In the output, include exactly the lines from the beginning of the records up to and including the one that contains "#7=PRODUCT_DEFINITION_CONTEXT('part definition',#1,'design');", and leave out the pictures.

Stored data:
---+---

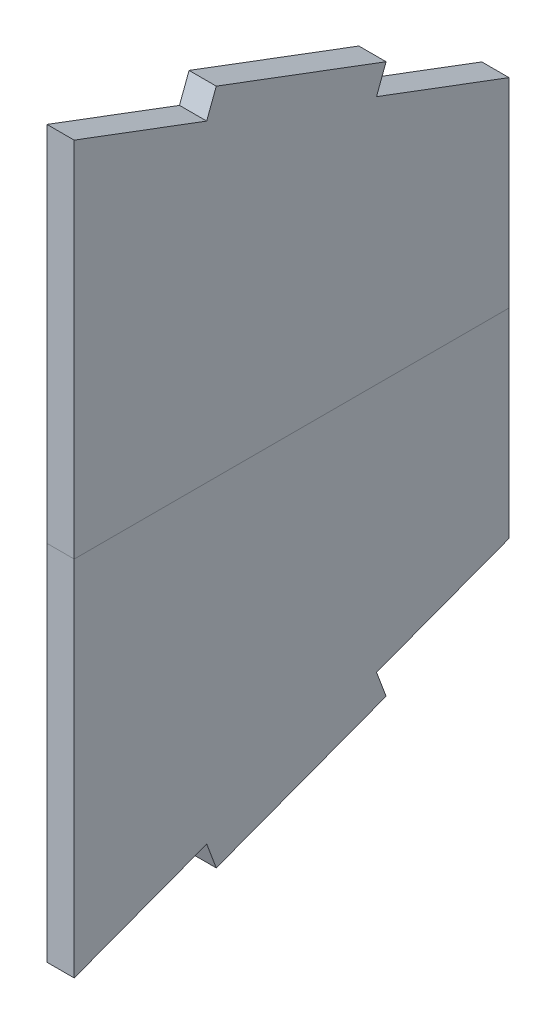
ISO-10303-21;
HEADER;
FILE_DESCRIPTION(('STEP AP214'),'2;1');
FILE_NAME('part.step','',(''),(''),'','','');
FILE_SCHEMA(('AUTOMOTIVE_DESIGN { 1 0 10303 214 1 1 1 1 }'));
ENDSEC;
DATA;
#1=APPLICATION_CONTEXT('core data for automotive mechanical design processes');
#2=APPLICATION_PROTOCOL_DEFINITION('international standard','automotive_design',2000,#1);
#3=PRODUCT_CONTEXT('',#1,'mechanical');
#4=PRODUCT('Part','Part','',(#3));
#5=PRODUCT_RELATED_PRODUCT_CATEGORY('part','',(#4));
#6=PRODUCT_DEFINITION_FORMATION('','',#4);
#7=PRODUCT_DEFINITION_CONTEXT('part definition',#1,'design');
#8=PRODUCT_DEFINITION('design','',#6,#7);
#9=PRODUCT_DEFINITION_SHAPE('','',#8);
#10=(LENGTH_UNIT() NAMED_UNIT(*) SI_UNIT(.MILLI.,.METRE.));
#11=(NAMED_UNIT(*) PLANE_ANGLE_UNIT() SI_UNIT($,.RADIAN.));
#12=(NAMED_UNIT(*) SI_UNIT($,.STERADIAN.) SOLID_ANGLE_UNIT());
#13=UNCERTAINTY_MEASURE_WITH_UNIT(LENGTH_MEASURE(1.E-05),#10,'distance_accuracy_value','');
#14=(GEOMETRIC_REPRESENTATION_CONTEXT(3) GLOBAL_UNCERTAINTY_ASSIGNED_CONTEXT((#13)) GLOBAL_UNIT_ASSIGNED_CONTEXT((#10,
#11,#12)) REPRESENTATION_CONTEXT('',''));
#15=CARTESIAN_POINT('',(0.,0.,0.));
#16=DIRECTION('',(0.,0.,1.));
#17=DIRECTION('',(1.,0.,0.));
#18=AXIS2_PLACEMENT_3D('',#15,#16,#17);
#19=CARTESIAN_POINT('',(-3.,0.,0.));
#20=DIRECTION('',(1.,0.,0.));
#21=DIRECTION('',(0.,-1.,0.));
#22=AXIS2_PLACEMENT_3D('',#19,#20,#21);
#23=PLANE('',#22);
#24=DIRECTION('',(0.,0.,-1.));
#25=VECTOR('',#24,1.);
#26=CARTESIAN_POINT('',(-3.,0.,47.9408425331089));
#27=LINE('',#26,#25);
#28=CARTESIAN_POINT('',(-3.,0.,47.9408425331089));
#29=VERTEX_POINT('',#28);
#30=CARTESIAN_POINT('',(-3.,0.,0.));
#31=VERTEX_POINT('',#30);
#32=EDGE_CURVE('E204',#29,#31,#27,.T.);
#33=ORIENTED_EDGE('',*,*,#32,.T.);
#34=DIRECTION('',(0.,-1.,0.));
#35=VECTOR('',#34,1.);
#36=CARTESIAN_POINT('',(-3.,0.,0.));
#37=LINE('',#36,#35);
#38=CARTESIAN_POINT('',(-3.,-22.,0.));
#39=VERTEX_POINT('',#38);
#40=EDGE_CURVE('E214',#31,#39,#37,.T.);
#41=ORIENTED_EDGE('',*,*,#40,.T.);
#42=DIRECTION('',(0.,-0.351503212513812,0.936186675611478));
#43=VECTOR('',#42,1.);
#44=CARTESIAN_POINT('',(-3.,-22.,0.));
#45=LINE('',#44,#43);
#46=CARTESIAN_POINT('',(-3.,-27.4849678748619,14.6085545104397));
#47=VERTEX_POINT('',#46);
#48=EDGE_CURVE('E224',#39,#47,#45,.T.);
#49=ORIENTED_EDGE('',*,*,#48,.T.);
#50=DIRECTION('',(0.,-0.936186675611477,-0.351503212513814));
#51=VECTOR('',#50,1.);
#52=CARTESIAN_POINT('',(-3.,-27.4849678748619,14.6085545104397));
#53=LINE('',#52,#51);
#54=CARTESIAN_POINT('',(-3.,-30.2935279016963,13.5540448728982));
#55=VERTEX_POINT('',#54);
#56=EDGE_CURVE('E234',#47,#55,#53,.T.);
#57=ORIENTED_EDGE('',*,*,#56,.T.);
#58=DIRECTION('',(0.,-0.351503212513812,0.936186675611477));
#59=VECTOR('',#58,1.);
#60=CARTESIAN_POINT('',(-3.,-30.2935279016963,13.5540448728982));
#61=LINE('',#60,#59);
#62=CARTESIAN_POINT('',(-3.,-37.3235921519726,32.2777783851278));
#63=VERTEX_POINT('',#62);
#64=EDGE_CURVE('E244',#55,#63,#61,.T.);
#65=ORIENTED_EDGE('',*,*,#64,.T.);
#66=DIRECTION('',(0.,0.936186675611477,0.351503212513813));
#67=VECTOR('',#66,1.);
#68=CARTESIAN_POINT('',(-3.,-37.3235921519726,32.2777783851278));
#69=LINE('',#68,#67);
#70=CARTESIAN_POINT('',(-3.,-34.5150321251381,33.3322880226692));
#71=VERTEX_POINT('',#70);
#72=EDGE_CURVE('E254',#63,#71,#69,.T.);
#73=ORIENTED_EDGE('',*,*,#72,.T.);
#74=DIRECTION('',(0.,-0.351503212513812,0.936186675611478));
#75=VECTOR('',#74,1.);
#76=CARTESIAN_POINT('',(-3.,-34.5150321251381,33.3322880226692));
#77=LINE('',#76,#75);
#78=CARTESIAN_POINT('',(-3.,-40.,47.9408425331089));
#79=VERTEX_POINT('',#78);
#80=EDGE_CURVE('E264',#71,#79,#77,.T.);
#81=ORIENTED_EDGE('',*,*,#80,.T.);
#82=DIRECTION('',(0.,1.,0.));
#83=VECTOR('',#82,1.);
#84=CARTESIAN_POINT('',(-3.,-40.,47.9408425331089));
#85=LINE('',#84,#83);
#86=EDGE_CURVE('E11',#79,#29,#85,.T.);
#87=ORIENTED_EDGE('',*,*,#86,.T.);
#88=EDGE_LOOP('',(#33,#41,#49,#57,#65,#73,#81,#87));
#89=FACE_BOUND('',#88,.T.);
#90=ADVANCED_FACE('F17',(#89),#23,.F.);
#91=CARTESIAN_POINT('',(0.,0.,0.));
#92=DIRECTION('',(1.,0.,0.));
#93=DIRECTION('',(0.,-1.,0.));
#94=AXIS2_PLACEMENT_3D('',#91,#92,#93);
#95=PLANE('',#94);
#96=DIRECTION('',(0.,0.,-1.));
#97=VECTOR('',#96,1.);
#98=CARTESIAN_POINT('',(0.,0.,47.9408425331089));
#99=LINE('',#98,#97);
#100=CARTESIAN_POINT('',(0.,0.,47.9408425331089));
#101=VERTEX_POINT('',#100);
#102=CARTESIAN_POINT('',(0.,0.,0.));
#103=VERTEX_POINT('',#102);
#104=EDGE_CURVE('E137',#101,#103,#99,.T.);
#105=ORIENTED_EDGE('',*,*,#104,.F.);
#106=DIRECTION('',(0.,1.,0.));
#107=VECTOR('',#106,1.);
#108=CARTESIAN_POINT('',(0.,-40.,47.9408425331089));
#109=LINE('',#108,#107);
#110=CARTESIAN_POINT('',(0.,-40.,47.9408425331089));
#111=VERTEX_POINT('',#110);
#112=EDGE_CURVE('E24',#111,#101,#109,.T.);
#113=ORIENTED_EDGE('',*,*,#112,.F.);
#114=DIRECTION('',(0.,-0.351503212513812,0.936186675611478));
#115=VECTOR('',#114,1.);
#116=CARTESIAN_POINT('',(0.,-34.5150321251381,33.3322880226692));
#117=LINE('',#116,#115);
#118=CARTESIAN_POINT('',(0.,-34.5150321251381,33.3322880226692));
#119=VERTEX_POINT('',#118);
#120=EDGE_CURVE('E260',#119,#111,#117,.T.);
#121=ORIENTED_EDGE('',*,*,#120,.F.);
#122=DIRECTION('',(0.,0.936186675611477,0.351503212513813));
#123=VECTOR('',#122,1.);
#124=CARTESIAN_POINT('',(0.,-37.3235921519726,32.2777783851278));
#125=LINE('',#124,#123);
#126=CARTESIAN_POINT('',(0.,-37.3235921519726,32.2777783851278));
#127=VERTEX_POINT('',#126);
#128=EDGE_CURVE('E250',#127,#119,#125,.T.);
#129=ORIENTED_EDGE('',*,*,#128,.F.);
#130=DIRECTION('',(0.,-0.351503212513812,0.936186675611477));
#131=VECTOR('',#130,1.);
#132=CARTESIAN_POINT('',(0.,-30.2935279016963,13.5540448728982));
#133=LINE('',#132,#131);
#134=CARTESIAN_POINT('',(0.,-30.2935279016963,13.5540448728982));
#135=VERTEX_POINT('',#134);
#136=EDGE_CURVE('E240',#135,#127,#133,.T.);
#137=ORIENTED_EDGE('',*,*,#136,.F.);
#138=DIRECTION('',(0.,-0.936186675611477,-0.351503212513814));
#139=VECTOR('',#138,1.);
#140=CARTESIAN_POINT('',(0.,-27.4849678748619,14.6085545104397));
#141=LINE('',#140,#139);
#142=CARTESIAN_POINT('',(0.,-27.4849678748619,14.6085545104397));
#143=VERTEX_POINT('',#142);
#144=EDGE_CURVE('E230',#143,#135,#141,.T.);
#145=ORIENTED_EDGE('',*,*,#144,.F.);
#146=DIRECTION('',(0.,-0.351503212513812,0.936186675611478));
#147=VECTOR('',#146,1.);
#148=CARTESIAN_POINT('',(0.,-22.,0.));
#149=LINE('',#148,#147);
#150=CARTESIAN_POINT('',(0.,-22.,0.));
#151=VERTEX_POINT('',#150);
#152=EDGE_CURVE('E220',#151,#143,#149,.T.);
#153=ORIENTED_EDGE('',*,*,#152,.F.);
#154=DIRECTION('',(0.,-1.,0.));
#155=VECTOR('',#154,1.);
#156=CARTESIAN_POINT('',(0.,0.,0.));
#157=LINE('',#156,#155);
#158=EDGE_CURVE('E210',#103,#151,#157,.T.);
#159=ORIENTED_EDGE('',*,*,#158,.F.);
#160=EDGE_LOOP('',(#105,#113,#121,#129,#137,#145,#153,#159));
#161=FACE_BOUND('',#160,.T.);
#162=ADVANCED_FACE('F276',(#161),#95,.T.);
#163=CARTESIAN_POINT('',(-3.,-40.,47.9408425331089));
#164=DIRECTION('',(0.,0.,1.));
#165=DIRECTION('',(1.,0.,0.));
#166=AXIS2_PLACEMENT_3D('',#163,#164,#165);
#167=PLANE('',#166);
#168=ORIENTED_EDGE('',*,*,#112,.T.);
#169=DIRECTION('',(1.,0.,0.));
#170=VECTOR('',#169,1.);
#171=CARTESIAN_POINT('',(-3.,0.,47.9408425331089));
#172=LINE('',#171,#170);
#173=EDGE_CURVE('E201',#29,#101,#172,.T.);
#174=ORIENTED_EDGE('',*,*,#173,.F.);
#175=ORIENTED_EDGE('',*,*,#86,.F.);
#176=DIRECTION('',(1.,0.,0.));
#177=VECTOR('',#176,1.);
#178=CARTESIAN_POINT('',(-3.,-40.,47.9408425331089));
#179=LINE('',#178,#177);
#180=EDGE_CURVE('E266',#79,#111,#179,.T.);
#181=ORIENTED_EDGE('',*,*,#180,.T.);
#182=EDGE_LOOP('',(#168,#174,#175,#181));
#183=FACE_BOUND('',#182,.T.);
#184=ADVANCED_FACE('F270',(#183),#167,.T.);
#185=CARTESIAN_POINT('',(-3.,-34.5150321251381,33.3322880226692));
#186=DIRECTION('',(0.,-0.936186675611478,-0.351503212513812));
#187=DIRECTION('',(0.,-0.351503212513812,0.936186675611478));
#188=AXIS2_PLACEMENT_3D('',#185,#186,#187);
#189=PLANE('',#188);
#190=ORIENTED_EDGE('',*,*,#120,.T.);
#191=ORIENTED_EDGE('',*,*,#180,.F.);
#192=ORIENTED_EDGE('',*,*,#80,.F.);
#193=DIRECTION('',(1.,0.,0.));
#194=VECTOR('',#193,1.);
#195=CARTESIAN_POINT('',(-3.,-34.5150321251381,33.3322880226692));
#196=LINE('',#195,#194);
#197=EDGE_CURVE('E257',#71,#119,#196,.T.);
#198=ORIENTED_EDGE('',*,*,#197,.T.);
#199=EDGE_LOOP('',(#190,#191,#192,#198));
#200=FACE_BOUND('',#199,.T.);
#201=ADVANCED_FACE('F283',(#200),#189,.T.);
#202=CARTESIAN_POINT('',(-3.,-37.3235921519726,32.2777783851278));
#203=DIRECTION('',(0.,-0.351503212513813,0.936186675611477));
#204=DIRECTION('',(0.,0.936186675611477,0.351503212513813));
#205=AXIS2_PLACEMENT_3D('',#202,#203,#204);
#206=PLANE('',#205);
#207=ORIENTED_EDGE('',*,*,#128,.T.);
#208=ORIENTED_EDGE('',*,*,#197,.F.);
#209=ORIENTED_EDGE('',*,*,#72,.F.);
#210=DIRECTION('',(1.,0.,0.));
#211=VECTOR('',#210,1.);
#212=CARTESIAN_POINT('',(-3.,-37.3235921519726,32.2777783851278));
#213=LINE('',#212,#211);
#214=EDGE_CURVE('E247',#63,#127,#213,.T.);
#215=ORIENTED_EDGE('',*,*,#214,.T.);
#216=EDGE_LOOP('',(#207,#208,#209,#215));
#217=FACE_BOUND('',#216,.T.);
#218=ADVANCED_FACE('F286',(#217),#206,.T.);
#219=CARTESIAN_POINT('',(-3.,-30.2935279016963,13.5540448728982));
#220=DIRECTION('',(0.,-0.936186675611477,-0.351503212513812));
#221=DIRECTION('',(0.,-0.351503212513812,0.936186675611478));
#222=AXIS2_PLACEMENT_3D('',#219,#220,#221);
#223=PLANE('',#222);
#224=ORIENTED_EDGE('',*,*,#136,.T.);
#225=ORIENTED_EDGE('',*,*,#214,.F.);
#226=ORIENTED_EDGE('',*,*,#64,.F.);
#227=DIRECTION('',(1.,0.,0.));
#228=VECTOR('',#227,1.);
#229=CARTESIAN_POINT('',(-3.,-30.2935279016963,13.5540448728982));
#230=LINE('',#229,#228);
#231=EDGE_CURVE('E237',#55,#135,#230,.T.);
#232=ORIENTED_EDGE('',*,*,#231,.T.);
#233=EDGE_LOOP('',(#224,#225,#226,#232));
#234=FACE_BOUND('',#233,.T.);
#235=ADVANCED_FACE('F288',(#234),#223,.T.);
#236=CARTESIAN_POINT('',(-3.,-27.4849678748619,14.6085545104397));
#237=DIRECTION('',(0.,0.351503212513814,-0.936186675611477));
#238=DIRECTION('',(0.,-0.936186675611477,-0.351503212513814));
#239=AXIS2_PLACEMENT_3D('',#236,#237,#238);
#240=PLANE('',#239);
#241=ORIENTED_EDGE('',*,*,#144,.T.);
#242=ORIENTED_EDGE('',*,*,#231,.F.);
#243=ORIENTED_EDGE('',*,*,#56,.F.);
#244=DIRECTION('',(1.,0.,0.));
#245=VECTOR('',#244,1.);
#246=CARTESIAN_POINT('',(-3.,-27.4849678748619,14.6085545104397));
#247=LINE('',#246,#245);
#248=EDGE_CURVE('E227',#47,#143,#247,.T.);
#249=ORIENTED_EDGE('',*,*,#248,.T.);
#250=EDGE_LOOP('',(#241,#242,#243,#249));
#251=FACE_BOUND('',#250,.T.);
#252=ADVANCED_FACE('F291',(#251),#240,.T.);
#253=CARTESIAN_POINT('',(-3.,-22.,0.));
#254=DIRECTION('',(0.,-0.936186675611478,-0.351503212513812));
#255=DIRECTION('',(0.,-0.351503212513812,0.936186675611478));
#256=AXIS2_PLACEMENT_3D('',#253,#254,#255);
#257=PLANE('',#256);
#258=ORIENTED_EDGE('',*,*,#152,.T.);
#259=ORIENTED_EDGE('',*,*,#248,.F.);
#260=ORIENTED_EDGE('',*,*,#48,.F.);
#261=DIRECTION('',(1.,0.,0.));
#262=VECTOR('',#261,1.);
#263=CARTESIAN_POINT('',(-3.,-22.,0.));
#264=LINE('',#263,#262);
#265=EDGE_CURVE('E217',#39,#151,#264,.T.);
#266=ORIENTED_EDGE('',*,*,#265,.T.);
#267=EDGE_LOOP('',(#258,#259,#260,#266));
#268=FACE_BOUND('',#267,.T.);
#269=ADVANCED_FACE('F294',(#268),#257,.T.);
#270=CARTESIAN_POINT('',(-3.,0.,0.));
#271=DIRECTION('',(0.,0.,-1.));
#272=DIRECTION('',(0.,-1.,0.));
#273=AXIS2_PLACEMENT_3D('',#270,#271,#272);
#274=PLANE('',#273);
#275=ORIENTED_EDGE('',*,*,#158,.T.);
#276=ORIENTED_EDGE('',*,*,#265,.F.);
#277=ORIENTED_EDGE('',*,*,#40,.F.);
#278=DIRECTION('',(1.,0.,0.));
#279=VECTOR('',#278,1.);
#280=CARTESIAN_POINT('',(-3.,0.,0.));
#281=LINE('',#280,#279);
#282=EDGE_CURVE('E207',#31,#103,#281,.T.);
#283=ORIENTED_EDGE('',*,*,#282,.T.);
#284=EDGE_LOOP('',(#275,#276,#277,#283));
#285=FACE_BOUND('',#284,.T.);
#286=ADVANCED_FACE('F279',(#285),#274,.T.);
#287=CARTESIAN_POINT('',(-3.,0.,47.9408425331089));
#288=DIRECTION('',(0.,1.,0.));
#289=DIRECTION('',(0.,0.,-1.));
#290=AXIS2_PLACEMENT_3D('',#287,#288,#289);
#291=PLANE('',#290);
#292=ORIENTED_EDGE('',*,*,#104,.T.);
#293=ORIENTED_EDGE('',*,*,#282,.F.);
#294=ORIENTED_EDGE('',*,*,#32,.F.);
#295=ORIENTED_EDGE('',*,*,#173,.T.);
#296=EDGE_LOOP('',(#292,#293,#294,#295));
#297=FACE_BOUND('',#296,.T.);
#298=ADVANCED_FACE('F274',(#297),#291,.T.);
#299=CLOSED_SHELL('',(#90,#162,#184,#201,#218,#235,#252,#269,#286,#298));
#300=MANIFOLD_SOLID_BREP('B1',#299);
#301=CARTESIAN_POINT('',(-3.,0.,47.9408425331089));
#302=DIRECTION('',(0.,-1.,0.));
#303=DIRECTION('',(0.,0.,-1.));
#304=AXIS2_PLACEMENT_3D('',#301,#302,#303);
#305=PLANE('',#304);
#306=DIRECTION('',(0.,0.,-1.));
#307=VECTOR('',#306,1.);
#308=CARTESIAN_POINT('',(0.,0.,47.9408425331089));
#309=LINE('',#308,#307);
#310=CARTESIAN_POINT('',(0.,0.,47.9408425331089));
#311=VERTEX_POINT('',#310);
#312=CARTESIAN_POINT('',(0.,0.,0.));
#313=VERTEX_POINT('',#312);
#314=EDGE_CURVE('E165',#311,#313,#309,.T.);
#315=ORIENTED_EDGE('',*,*,#314,.F.);
#316=DIRECTION('',(1.,0.,0.));
#317=VECTOR('',#316,1.);
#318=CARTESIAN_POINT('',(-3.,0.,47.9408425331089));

---+---

RESULT:
ISO-10303-21;
HEADER;
FILE_DESCRIPTION(('STEP AP214'),'2;1');
FILE_NAME('part.step','',(''),(''),'','','');
FILE_SCHEMA(('AUTOMOTIVE_DESIGN { 1 0 10303 214 1 1 1 1 }'));
ENDSEC;
DATA;
#1=APPLICATION_CONTEXT('core data for automotive mechanical design processes');
#2=APPLICATION_PROTOCOL_DEFINITION('international standard','automotive_design',2000,#1);
#3=PRODUCT_CONTEXT('',#1,'mechanical');
#4=PRODUCT('Part','Part','',(#3));
#5=PRODUCT_RELATED_PRODUCT_CATEGORY('part','',(#4));
#6=PRODUCT_DEFINITION_FORMATION('','',#4);
#7=PRODUCT_DEFINITION_CONTEXT('part definition',#1,'design');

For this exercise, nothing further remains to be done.